* Activity: Among the entries below, how many lines include the word "Noise"? Reply with only the number.

* Data under study:
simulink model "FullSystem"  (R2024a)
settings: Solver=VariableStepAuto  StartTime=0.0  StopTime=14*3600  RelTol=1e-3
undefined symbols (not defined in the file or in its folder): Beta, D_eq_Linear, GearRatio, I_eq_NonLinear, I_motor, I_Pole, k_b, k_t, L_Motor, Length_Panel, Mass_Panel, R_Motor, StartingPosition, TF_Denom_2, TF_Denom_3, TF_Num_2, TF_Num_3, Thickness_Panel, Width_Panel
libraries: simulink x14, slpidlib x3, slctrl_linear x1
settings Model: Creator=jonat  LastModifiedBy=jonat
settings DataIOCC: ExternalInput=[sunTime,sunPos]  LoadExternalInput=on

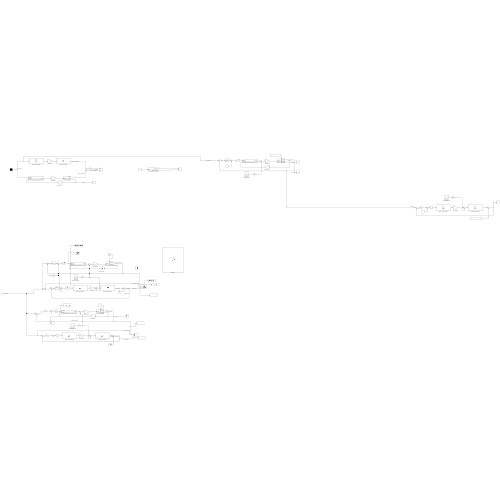
[thumbnail: Simulink's stored preview of the top-level diagram]
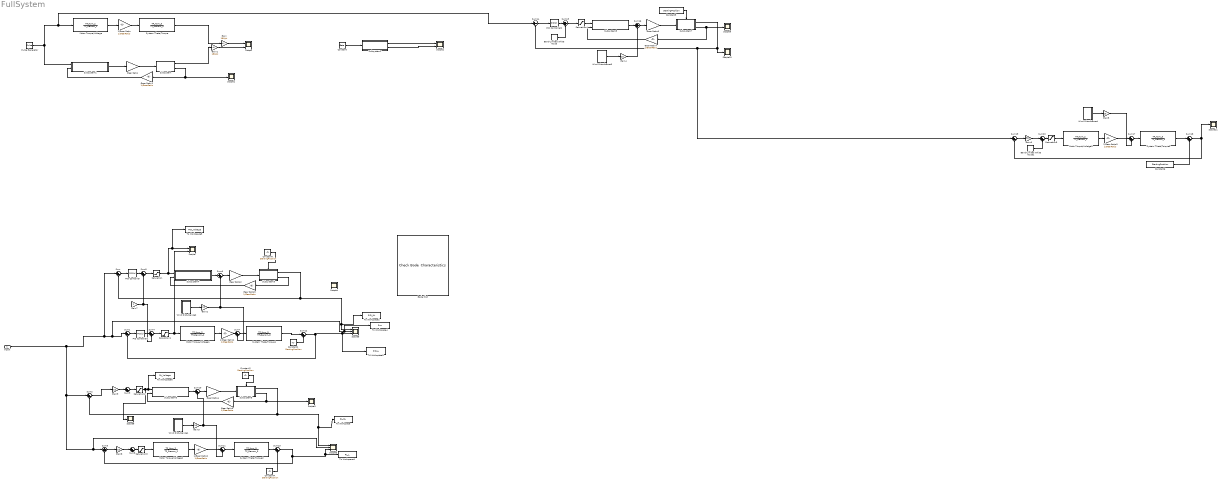
== system FullSystem ==
  Inport : Inport
  1/Gear Ratio{,1..3} (4 alike) : Gain  Gain=1/GearRatio
  Band-Limited White Noise : simulink/Sources/Band-Limited White Noise  Cov=[0.1]  Ts=0.1  seed=[23341]
  Band-Limited White Noise1 : simulink/Sources/Band-Limited White Noise  Cov=[0.1]  Ts=0.1  seed=[23341]
  Bode Plot : slctrl_linear/Check Bode  Characteristics  InstantiateOnLoad=on  SaveOperatingPoints=off  LinearizationIOs={'/PID Controller', 1, 'in', 'off', '';'/Subsystem3', 1, 'out', 'off', ''}  LinearizeAt=SnapshotTimes  SnapshotTimes=[0]  TriggerType=rising  SampleTime=auto  RateConversionMethod=zoh  PreWarpFreq=10  UseExactDelayModel=off  UseFullBlockNameLabels=off  UseBusSignalLabels=off  enabled=on  stopWhenAssertionFail=off  export=off  ViewDlgPos=[345 171 1226 663]  OpenViewOnLoad=off  LaunchViewOnOpen=on  FrequencyUnits=rad/s  MagnitudeUnits=dB  PhaseUnits=deg  TimeUnits=seconds  EnableUpperBound=off  UpperBoundFrequencies=[]  UpperBoundMagnitudes=[]  EnableLowerBound=off  LowerBoundFrequencies=[]  LowerBoundMagnitudes=[]
      settings: LibrarySourceBlock=slctrlblks/Linear Analysis Plots/Bode Plot  SaveToWorkspace=off  SaveName=sys
  Constant : Constant  Value=Beta
  Constant{1..6} (6 alike) : Constant  Value=StartingPosition
  Gain : Gain  Gain=180/pi
  Gain1 : Gain  Gain=180/pi
  Gain{2..5} (4 alike) : Gain  Gain=10
  Gain6 : Gain  Gain=910
  Gain7 : Gain
  Gain8 : Gain  Gain=910
  Gain9 : Gain  Gain=910
  Gear Ratio{,2,4,6} (4 alike) : Gain  Gain=GearRatio
  Gear Ratio{1,3,5,7} (4 alike) : Gain  Gain=1/GearRatio
  Motor Torque/Voltage{,1..3} (4 alike) : TransferFcn  Numerator=TF_Num_2  Denominator=TF_Denom_2
  PID Controller : slpidlib/PID Controller  Controller=PID  Form=Parallel  TimeDomain=Continuous-time  UseExternalTs=off  SampleTime=-1  IntegratorMethod=Forward Euler  FilterMethod=Forward Euler  ControllerParametersSource=internal  P=900  I=2  UseKiTs=off  D=0.1  UseExternalDerivativeSource=off  N=100  UseFilter=on  TunerSelectOption=Transfer Function Based (PID Tuner App)  InitialConditionSource=internal  InitialConditionForIntegrator=0  InitialConditionForFilter=0  DifferentiatorICPrevScaledInput=0  ExternalReset=none  TrackingMode=off  Kt=1  LimitOutput=off  SatLimitsSource=internal  UpperSaturationLimit=inf  LowerSaturationLimit=-inf  LinearizeAsGain=on  AntiWindupMode=none  Kb=1  LimitIntegrator=off  UpperIntegratorSaturationLimit=inf  LowerIntegratorSaturationLimit=-inf  POutMin=[]  POutMax=[]  IOutMin=[]  IOutMax=[]  DOutMin=[]  DOutMax=[]  NOutMin=[]  NOutMax=[]  SumOutMin=[]  SumOutMax=[]  SaturationOutMin=[]  SaturationOutMax=[]  PParamMin=[]  PParamMax=[]  IParamMin=[]  IParamMax=[]  DParamMin=[]  DParamMax=[]  NParamMin=[]  NParamMax=[]  KbParamMin=[]  KbParamMax=[]  KtParamMin=[]  KtParamMax=[]  KbOutMin=[]  KbOutMax=[]  KtOutMin=[]  KtOutMax=[]  IntegratorOutMin=[]  IntegratorOutMax=[]  FilterOutMin=[]  FilterOutMax=[]  SumI1OutMin=[]  SumI1OutMax=[]  SumI2OutMin=[]  SumI2OutMax=[]  SumI3OutMin=[]  SumI3OutMax=[]  SumI4OutMin=[]  SumI4OutMax=[]  SumDOutMin=[]  SumDOutMax=[]  DifferentiatorOutMin=[]  DifferentiatorOutMax=[]  FilterDiffOutCoefMin=[]  FilterDiffOutCoefMax=[]  ReciprocalOutMin=[]  ReciprocalOutMax=[]  SumDenOutMin=[]  SumDenOutMax=[]  SumNumOutMin=[]  SumNumOutMax=[]  DivideOutMin=[]  DivideOutMax=[]  UdiffTsProdOutMin=[]  UdiffTsProdOutMax=[]  NTsProdOutMin=[]  NTsProdOutMax=[]  UintegralTsProdOutMin=[]  UintegralTsProdOutMax=[]  UngainTsProdOutMin=[]  UngainTsProdOutMax=[]  ClampingZeroOutDataTypeStr=Inherit: Inherit via back propagation  ClampingZeroOutMin=[]  ClampingZeroOutMax=[]  FilterDenConstantOutDataTypeStr=Inherit: Inherit via back propagation  FilterDenConstantOutMin=[]  FilterDenConstantOutMax=[]  PCopyOutDataTypeStr=Inherit: Inherit via back propagation  PCopyOutMin=[]  PCopyOutMax=[]  NCopyOutDataTypeStr=Inherit: Inherit via back propagation  NCopyOutMin=[]  NCopyOutMax=[]  IntegratorContinuousStateAttributes=''  IntegratorStateMustResolveToSignalObject=off  IntegratorRTWStateStorageClass=Auto  FilterContinuousStateAttributes=''  FilterStateMustResolveToSignalObject=off  FilterRTWStateStorageClass=Auto  ParallelPVariant=InternalParameters  IdealPVariant=Disabled  IVariant=InternalParameters  DVariant=InternalParameters  IntegratorVariant=Continuous  SatVariant=Disabled  AWVariant=Passthrough  PCopyVariant=Disabled  TRVariant=Disabled  FdbkBlocksVariant=Forward  IdealPFdbkVariant=Disabled  SatFdbkVariant=Disabled  DerivativeFilterVariant=ContFilter  NVariant=InternalParameters  NCopyVariant=Disabled  FilterICVariant=InternalICsFilter  IntegratorICVariant=InternalICs  ExternalResetVariant=Disabled  TRSumVariant=Passthrough  SumFdbkVariant=Disabled  SumVariant=Sum_PID  TsampFilterVariant=InternalTs  TsampNgainVariant=Passthrough  TsampIntegralVariant=Disabled_SignalSpec  ExternalSaturationOutDataTypeStr=Inherit: Same as second input  DerivativeSourceVariant=ErrorSignal
  PID Controller1 : slpidlib/PID Controller  Controller=PID  Form=Parallel  TimeDomain=Continuous-time  UseExternalTs=off  SampleTime=-1  IntegratorMethod=Forward Euler  FilterMethod=Forward Euler  ControllerParametersSource=internal  P=900  I=2  UseKiTs=off  D=0.1  UseExternalDerivativeSource=off  N=2.09794311620465  UseFilter=on  TunerSelectOption=Transfer Function Based (PID Tuner App)  InitialConditionSource=internal  InitialConditionForIntegrator=0  InitialConditionForFilter=0  DifferentiatorICPrevScaledInput=0  ExternalReset=none  TrackingMode=off  Kt=1  LimitOutput=off  SatLimitsSource=internal  UpperSaturationLimit=inf  LowerSaturationLimit=-inf  LinearizeAsGain=on  AntiWindupMode=none  Kb=1  LimitIntegrator=off  UpperIntegratorSaturationLimit=inf  LowerIntegratorSaturationLimit=-inf  POutMin=[]  POutMax=[]  IOutMin=[]  IOutMax=[]  DOutMin=[]  DOutMax=[]  NOutMin=[]  NOutMax=[]  SumOutMin=[]  SumOutMax=[]  SaturationOutMin=[]  SaturationOutMax=[]  PParamMin=[]  PParamMax=[]  IParamMin=[]  IParamMax=[]  DParamMin=[]  DParamMax=[]  NParamMin=[]  NParamMax=[]  KbParamMin=[]  KbParamMax=[]  KtParamMin=[]  KtParamMax=[]  KbOutMin=[]  KbOutMax=[]  KtOutMin=[]  KtOutMax=[]  IntegratorOutMin=[]  IntegratorOutMax=[]  FilterOutMin=[]  FilterOutMax=[]  SumI1OutMin=[]  SumI1OutMax=[]  SumI2OutMin=[]  SumI2OutMax=[]  SumI3OutMin=[]  SumI3OutMax=[]  SumI4OutMin=[]  SumI4OutMax=[]  SumDOutMin=[]  SumDOutMax=[]  DifferentiatorOutMin=[]  DifferentiatorOutMax=[]  FilterDiffOutCoefMin=[]  FilterDiffOutCoefMax=[]  ReciprocalOutMin=[]  ReciprocalOutMax=[]  SumDenOutMin=[]  SumDenOutMax=[]  SumNumOutMin=[]  SumNumOutMax=[]  DivideOutMin=[]  DivideOutMax=[]  UdiffTsProdOutMin=[]  UdiffTsProdOutMax=[]  NTsProdOutMin=[]  NTsProdOutMax=[]  UintegralTsProdOutMin=[]  UintegralTsProdOutMax=[]  UngainTsProdOutMin=[]  UngainTsProdOutMax=[]  ClampingZeroOutDataTypeStr=Inherit: Inherit via back propagation  ClampingZeroOutMin=[]  ClampingZeroOutMax=[]  FilterDenConstantOutDataTypeStr=Inherit: Inherit via back propagation  FilterDenConstantOutMin=[]  FilterDenConstantOutMax=[]  PCopyOutDataTypeStr=Inherit: Inherit via back propagation  PCopyOutMin=[]  PCopyOutMax=[]  NCopyOutDataTypeStr=Inherit: Inherit via back propagation  NCopyOutMin=[]  NCopyOutMax=[]  IntegratorContinuousStateAttributes=''  IntegratorStateMustResolveToSignalObject=off  IntegratorRTWStateStorageClass=Auto  FilterContinuousStateAttributes=''  FilterStateMustResolveToSignalObject=off  FilterRTWStateStorageClass=Auto  ParallelPVariant=InternalParameters  IdealPVariant=Disabled  IVariant=InternalParameters  DVariant=InternalParameters  IntegratorVariant=Continuous  SatVariant=Disabled  AWVariant=Passthrough  PCopyVariant=Disabled  TRVariant=Disabled  FdbkBlocksVariant=Forward  IdealPFdbkVariant=Disabled  SatFdbkVariant=Disabled  DerivativeFilterVariant=ContFilter  NVariant=InternalParameters  NCopyVariant=Disabled  FilterICVariant=InternalICsFilter  IntegratorICVariant=InternalICs  ExternalResetVariant=Disabled  TRSumVariant=Passthrough  SumFdbkVariant=Disabled  SumVariant=Sum_PID  TsampFilterVariant=InternalTs  TsampNgainVariant=Passthrough  TsampIntegralVariant=Disabled_SignalSpec  ExternalSaturationOutDataTypeStr=Inherit: Same as second input  DerivativeSourceVariant=ErrorSignal
  PID Controller2 : slpidlib/PID Controller  Controller=PID  Form=Parallel  TimeDomain=Continuous-time  UseExternalTs=off  SampleTime=-1  IntegratorMethod=Forward Euler  FilterMethod=Forward Euler  ControllerParametersSource=internal  P=900  I=2  UseKiTs=off  D=0.1  UseExternalDerivativeSource=off  N=100  UseFilter=on  TunerSelectOption=Transfer Function Based (PID Tuner App)  InitialConditionSource=internal  InitialConditionForIntegrator=0  InitialConditionForFilter=0  DifferentiatorICPrevScaledInput=0  ExternalReset=none  TrackingMode=off  Kt=1  LimitOutput=off  SatLimitsSource=internal  UpperSaturationLimit=inf  LowerSaturationLimit=-inf  LinearizeAsGain=on  AntiWindupMode=none  Kb=1  LimitIntegrator=off  UpperIntegratorSaturationLimit=inf  LowerIntegratorSaturationLimit=-inf  POutMin=[]  POutMax=[]  IOutMin=[]  IOutMax=[]  DOutMin=[]  DOutMax=[]  NOutMin=[]  NOutMax=[]  SumOutMin=[]  SumOutMax=[]  SaturationOutMin=[]  SaturationOutMax=[]  PParamMin=[]  PParamMax=[]  IParamMin=[]  IParamMax=[]  DParamMin=[]  DParamMax=[]  NParamMin=[]  NParamMax=[]  KbParamMin=[]  KbParamMax=[]  KtParamMin=[]  KtParamMax=[]  KbOutMin=[]  KbOutMax=[]  KtOutMin=[]  KtOutMax=[]  IntegratorOutMin=[]  IntegratorOutMax=[]  FilterOutMin=[]  FilterOutMax=[]  SumI1OutMin=[]  SumI1OutMax=[]  SumI2OutMin=[]  SumI2OutMax=[]  SumI3OutMin=[]  SumI3OutMax=[]  SumI4OutMin=[]  SumI4OutMax=[]  SumDOutMin=[]  SumDOutMax=[]  DifferentiatorOutMin=[]  DifferentiatorOutMax=[]  FilterDiffOutCoefMin=[]  FilterDiffOutCoefMax=[]  ReciprocalOutMin=[]  ReciprocalOutMax=[]  SumDenOutMin=[]  SumDenOutMax=[]  SumNumOutMin=[]  SumNumOutMax=[]  DivideOutMin=[]  DivideOutMax=[]  UdiffTsProdOutMin=[]  UdiffTsProdOutMax=[]  NTsProdOutMin=[]  NTsProdOutMax=[]  UintegralTsProdOutMin=[]  UintegralTsProdOutMax=[]  UngainTsProdOutMin=[]  UngainTsProdOutMax=[]  ClampingZeroOutDataTypeStr=Inherit: Inherit via back propagation  ClampingZeroOutMin=[]  ClampingZeroOutMax=[]  FilterDenConstantOutDataTypeStr=Inherit: Inherit via back propagation  FilterDenConstantOutMin=[]  FilterDenConstantOutMax=[]  PCopyOutDataTypeStr=Inherit: Inherit via back propagation  PCopyOutMin=[]  PCopyOutMax=[]  NCopyOutDataTypeStr=Inherit: Inherit via back propagation  NCopyOutMin=[]  NCopyOutMax=[]  IntegratorContinuousStateAttributes=''  IntegratorStateMustResolveToSignalObject=off  IntegratorRTWStateStorageClass=Auto  FilterContinuousStateAttributes=''  FilterStateMustResolveToSignalObject=off  FilterRTWStateStorageClass=Auto  ParallelPVariant=InternalParameters  IdealPVariant=Disabled  IVariant=InternalParameters  DVariant=InternalParameters  IntegratorVariant=Continuous  SatVariant=Disabled  AWVariant=Passthrough  PCopyVariant=Disabled  TRVariant=Disabled  FdbkBlocksVariant=Forward  IdealPFdbkVariant=Disabled  SatFdbkVariant=Disabled  DerivativeFilterVariant=ContFilter  NVariant=InternalParameters  NCopyVariant=Disabled  FilterICVariant=InternalICsFilter  IntegratorICVariant=InternalICs  ExternalResetVariant=Disabled  TRSumVariant=Passthrough  SumFdbkVariant=Disabled  SumVariant=Sum_PID  TsampFilterVariant=InternalTs  TsampNgainVariant=Passthrough  TsampIntegralVariant=Disabled_SignalSpec  ExternalSaturationOutDataTypeStr=Inherit: Same as second input  DerivativeSourceVariant=ErrorSignal
  Pulse Generator : DiscretePulseGenerator  PulseType=Time based  Amplitude=5  Period=400
  Saturation{,1..5} (6 alike) : Saturate  UpperLimit=220  LowerLimit=-220
  Scope : Scope  NumInputPorts=2
  Scope{1,3..4,8..11} (7 alike) : Scope
  Scope2 : Scope  NumInputPorts=2
  Scope5 : Scope  NumInputPorts=3
  Scope6 : Scope  NumInputPorts=3
  Scope7 : Scope  NumInputPorts=2
  Subsystem : Subsystem
  Subsystem1 : Subsystem
  Subsystem2 : Subsystem
  Subsystem3 : Subsystem
      settings: PortSchema="{\"entries\":[{\"content\":{\"sides\":[{\"content\":{\"connectorIds\":[\"In1\"]},\"type\":\"ConnectorPlacement.EquallySpacedRectSide\",\"uuid\":\"8ea1f8af-770d-4a24-b012-ba6e01ad0303\"},{\"content\":{\"connectorIds\":[\"Out1\",\"Out2\"],\"side\":\"RIGHT\"},\"type\":\"ConnectorPlacement.EquallySpacedRectSide\",\"uuid\":\"5c008235-f776-4735-b061-be577f1b76a0\"},{\"content\":{\"connectorIds\":[\"In2\"],\"side\":\"TOP\"},\"type\":\"ConnectorPlacement.EquallySpacedRectSide\",\"uuid\":\"8e8587eb-de19-4631-a42c-bfa0ae223d11\"}]},\"type\":\"ConnectorPlacement.EquallySpacedConnector\",\"uuid\":\"de8c275b-bedc-409d-bb08-97ede13c9c40\"}],\"packageUris\":[\"http://schema.mathworks.com/mf0/Connector/R2020b\"],\"version\":\"1.0\"}"
  Subsystem4 : Subsystem
  Subsystem5 : Subsystem
      settings: PortSchema="{\"entries\":[{\"content\":{\"sides\":[{\"content\":{\"connectorIds\":[\"In1\"]},\"type\":\"ConnectorPlacement.EquallySpacedRectSide\",\"uuid\":\"8ea1f8af-770d-4a24-b012-ba6e01ad0303\"},{\"content\":{\"connectorIds\":[\"Out1\",\"Out2\"],\"side\":\"RIGHT\"},\"type\":\"ConnectorPlacement.EquallySpacedRectSide\",\"uuid\":\"5c008235-f776-4735-b061-be577f1b76a0\"},{\"content\":{\"connectorIds\":[\"In2\"],\"side\":\"TOP\"},\"type\":\"ConnectorPlacement.EquallySpacedRectSide\",\"uuid\":\"8e8587eb-de19-4631-a42c-bfa0ae223d11\"}]},\"type\":\"ConnectorPlacement.EquallySpacedConnector\",\"uuid\":\"de8c275b-bedc-409d-bb08-97ede13c9c40\"}],\"packageUris\":[\"http://schema.mathworks.com/mf0/Connector/R2020b\"],\"version\":\"1.0\"}"
  Subsystem6 : Subsystem
  Subsystem7 : Subsystem
      settings: PortSchema="{\"entries\":[{\"content\":{\"sides\":[{\"content\":{\"connectorIds\":[\"In1\"]},\"type\":\"ConnectorPlacement.EquallySpacedRectSide\",\"uuid\":\"8ea1f8af-770d-4a24-b012-ba6e01ad0303\"},{\"content\":{\"connectorIds\":[\"Out1\",\"Out2\"],\"side\":\"RIGHT\"},\"type\":\"ConnectorPlacement.EquallySpacedRectSide\",\"uuid\":\"5c008235-f776-4735-b061-be577f1b76a0\"},{\"content\":{\"connectorIds\":[\"In2\"],\"side\":\"TOP\"},\"type\":\"ConnectorPlacement.EquallySpacedRectSide\",\"uuid\":\"8e8587eb-de19-4631-a42c-bfa0ae223d11\"}]},\"type\":\"ConnectorPlacement.EquallySpacedConnector\",\"uuid\":\"de8c275b-bedc-409d-bb08-97ede13c9c40\"}],\"packageUris\":[\"http://schema.mathworks.com/mf0/Connector/R2020b\"],\"version\":\"1.0\"}"
  Subsystem8 : Subsystem
  Sum{,1..3,14,19} (6 alike) : Sum  Inputs=|+-
  Sum{4..13,15..18,20} (15 alike) : Sum  Inputs=|++
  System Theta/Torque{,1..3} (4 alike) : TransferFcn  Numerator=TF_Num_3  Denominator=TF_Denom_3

* The answer: 2